→ **Records shown**:

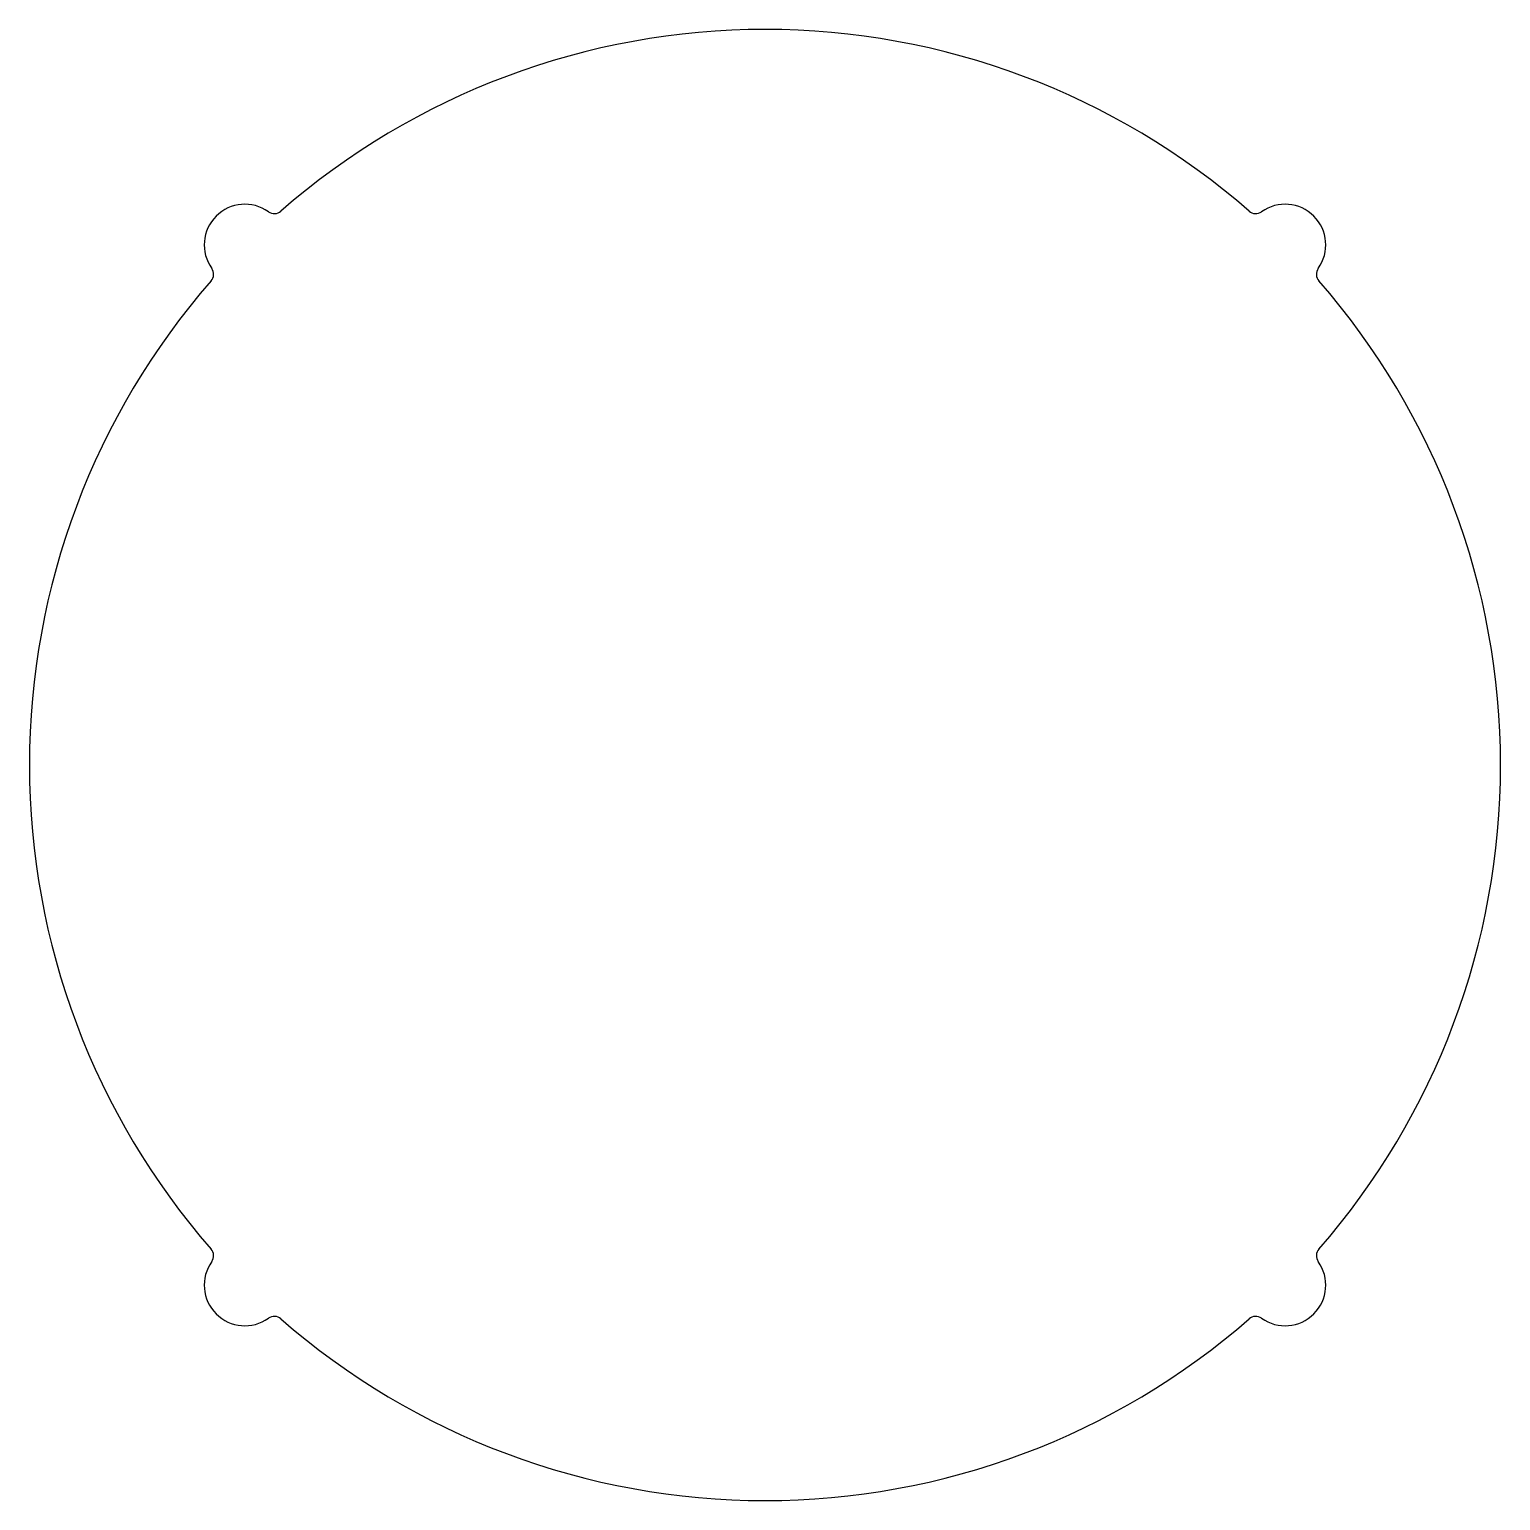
# Model space of a CAD drawing. Header units: millimetres. Extents: x -73 to 73, y -73 to 73.
import ezdxf

# ---------------------------------------------------------------- set-up
doc = ezdxf.new("R2010")
doc.units = ezdxf.units.MM
doc.layers.add('Shape2DView', color=7, linetype='CONTINUOUS')

msp = doc.modelspace()

# ---------------------------------------------------------------- linework, layer by layer
at = {"layer": 'Shape2DView'}
for centre, radius, start, end in [((0, 0), 72.5, 90, 131.154), ((0, 0), 72.5, 48.8459, 90), ((-51.2652, 51.2652), 4, 54.6074, -144.607), ((51.2652, 51.2652), 4, -35.3926, 125.393), ((0, 0), 72.5, 138.846, 180), ((0, 0), 72.5, 0, 41.1541), ((0, 0), 72.5, 180, -138.846), ((0, 0), 72.5, -41.1541, 0), ((-51.2652, -51.2652), 4, 144.607, -54.6074), ((51.2652, -51.2652), 4, -125.393, 35.3926), ((0, 0), 72.5, -131.154, -90), ((0, 0), 72.5, -90, -48.8459)]:
    msp.add_arc(centre, radius, start, end, dxfattribs=at)
for points in [[(-48.9485, 54.5261), (-48.776, 54.4018), (-48.5471, 54.3299), (-48.3191, 54.3425), (-48.091, 54.3528), (-47.8705, 54.4474), (-47.7113, 54.5883)], [(47.7113, 54.5883), (47.8705, 54.4474), (48.091, 54.3528), (48.3191, 54.3425), (48.5471, 54.3299), (48.776, 54.4018), (48.9485, 54.5261)], [(-54.5883, 47.7113), (-54.4474, 47.8705), (-54.3528, 48.091), (-54.3425, 48.3191), (-54.3299, 48.5471), (-54.4018, 48.776), (-54.5261, 48.9485)], [(54.5261, 48.9485), (54.4018, 48.776), (54.3299, 48.5471), (54.3425, 48.3191), (54.3528, 48.091), (54.4474, 47.8705), (54.5883, 47.7113)], [(-54.5261, -48.9485), (-54.4018, -48.776), (-54.3299, -48.5471), (-54.3425, -48.3191), (-54.3528, -48.091), (-54.4474, -47.8705), (-54.5883, -47.7113)], [(54.5883, -47.7113), (54.4474, -47.8705), (54.3528, -48.091), (54.3425, -48.3191), (54.3299, -48.5471), (54.4018, -48.776), (54.5261, -48.9485)], [(-47.7113, -54.5883), (-47.8705, -54.4474), (-48.091, -54.3528), (-48.3191, -54.3425), (-48.5471, -54.3299), (-48.776, -54.4018), (-48.9485, -54.5261)], [(48.9485, -54.5261), (48.776, -54.4018), (48.5471, -54.3299), (48.3191, -54.3425), (48.091, -54.3528), (47.8705, -54.4474), (47.7113, -54.5883)]]:
    msp.add_open_spline(points, degree=3, knots=[0, 0, 0, 0, 0.5, 0.5, 0.5, 1, 1, 1, 1], dxfattribs=at)

doc.saveas('drawing.dxf')

→ **Work to complete**: Your copy should match the entries above exactly and contain no pictures.

→ **Solution**:
# Model space of a CAD drawing. Header units: millimetres. Extents: x -73 to 73, y -73 to 73.
import ezdxf

# ---------------------------------------------------------------- set-up
doc = ezdxf.new("R2010")
doc.units = ezdxf.units.MM
doc.layers.add('Shape2DView', color=7, linetype='CONTINUOUS')

msp = doc.modelspace()

# ---------------------------------------------------------------- linework, layer by layer
at = {"layer": 'Shape2DView'}
for centre, radius, start, end in [((0, 0), 72.5, 90, 131.154), ((0, 0), 72.5, 48.8459, 90), ((-51.2652, 51.2652), 4, 54.6074, -144.607), ((51.2652, 51.2652), 4, -35.3926, 125.393), ((0, 0), 72.5, 138.846, 180), ((0, 0), 72.5, 0, 41.1541), ((0, 0), 72.5, 180, -138.846), ((0, 0), 72.5, -41.1541, 0), ((-51.2652, -51.2652), 4, 144.607, -54.6074), ((51.2652, -51.2652), 4, -125.393, 35.3926), ((0, 0), 72.5, -131.154, -90), ((0, 0), 72.5, -90, -48.8459)]:
    msp.add_arc(centre, radius, start, end, dxfattribs=at)
for points in [[(-48.9485, 54.5261), (-48.776, 54.4018), (-48.5471, 54.3299), (-48.3191, 54.3425), (-48.091, 54.3528), (-47.8705, 54.4474), (-47.7113, 54.5883)], [(47.7113, 54.5883), (47.8705, 54.4474), (48.091, 54.3528), (48.3191, 54.3425), (48.5471, 54.3299), (48.776, 54.4018), (48.9485, 54.5261)], [(-54.5883, 47.7113), (-54.4474, 47.8705), (-54.3528, 48.091), (-54.3425, 48.3191), (-54.3299, 48.5471), (-54.4018, 48.776), (-54.5261, 48.9485)], [(54.5261, 48.9485), (54.4018, 48.776), (54.3299, 48.5471), (54.3425, 48.3191), (54.3528, 48.091), (54.4474, 47.8705), (54.5883, 47.7113)], [(-54.5261, -48.9485), (-54.4018, -48.776), (-54.3299, -48.5471), (-54.3425, -48.3191), (-54.3528, -48.091), (-54.4474, -47.8705), (-54.5883, -47.7113)], [(54.5883, -47.7113), (54.4474, -47.8705), (54.3528, -48.091), (54.3425, -48.3191), (54.3299, -48.5471), (54.4018, -48.776), (54.5261, -48.9485)], [(-47.7113, -54.5883), (-47.8705, -54.4474), (-48.091, -54.3528), (-48.3191, -54.3425), (-48.5471, -54.3299), (-48.776, -54.4018), (-48.9485, -54.5261)], [(48.9485, -54.5261), (48.776, -54.4018), (48.5471, -54.3299), (48.3191, -54.3425), (48.091, -54.3528), (47.8705, -54.4474), (47.7113, -54.5883)]]:
    msp.add_open_spline(points, degree=3, knots=[0, 0, 0, 0, 0.5, 0.5, 0.5, 1, 1, 1, 1], dxfattribs=at)

doc.saveas('drawing.dxf')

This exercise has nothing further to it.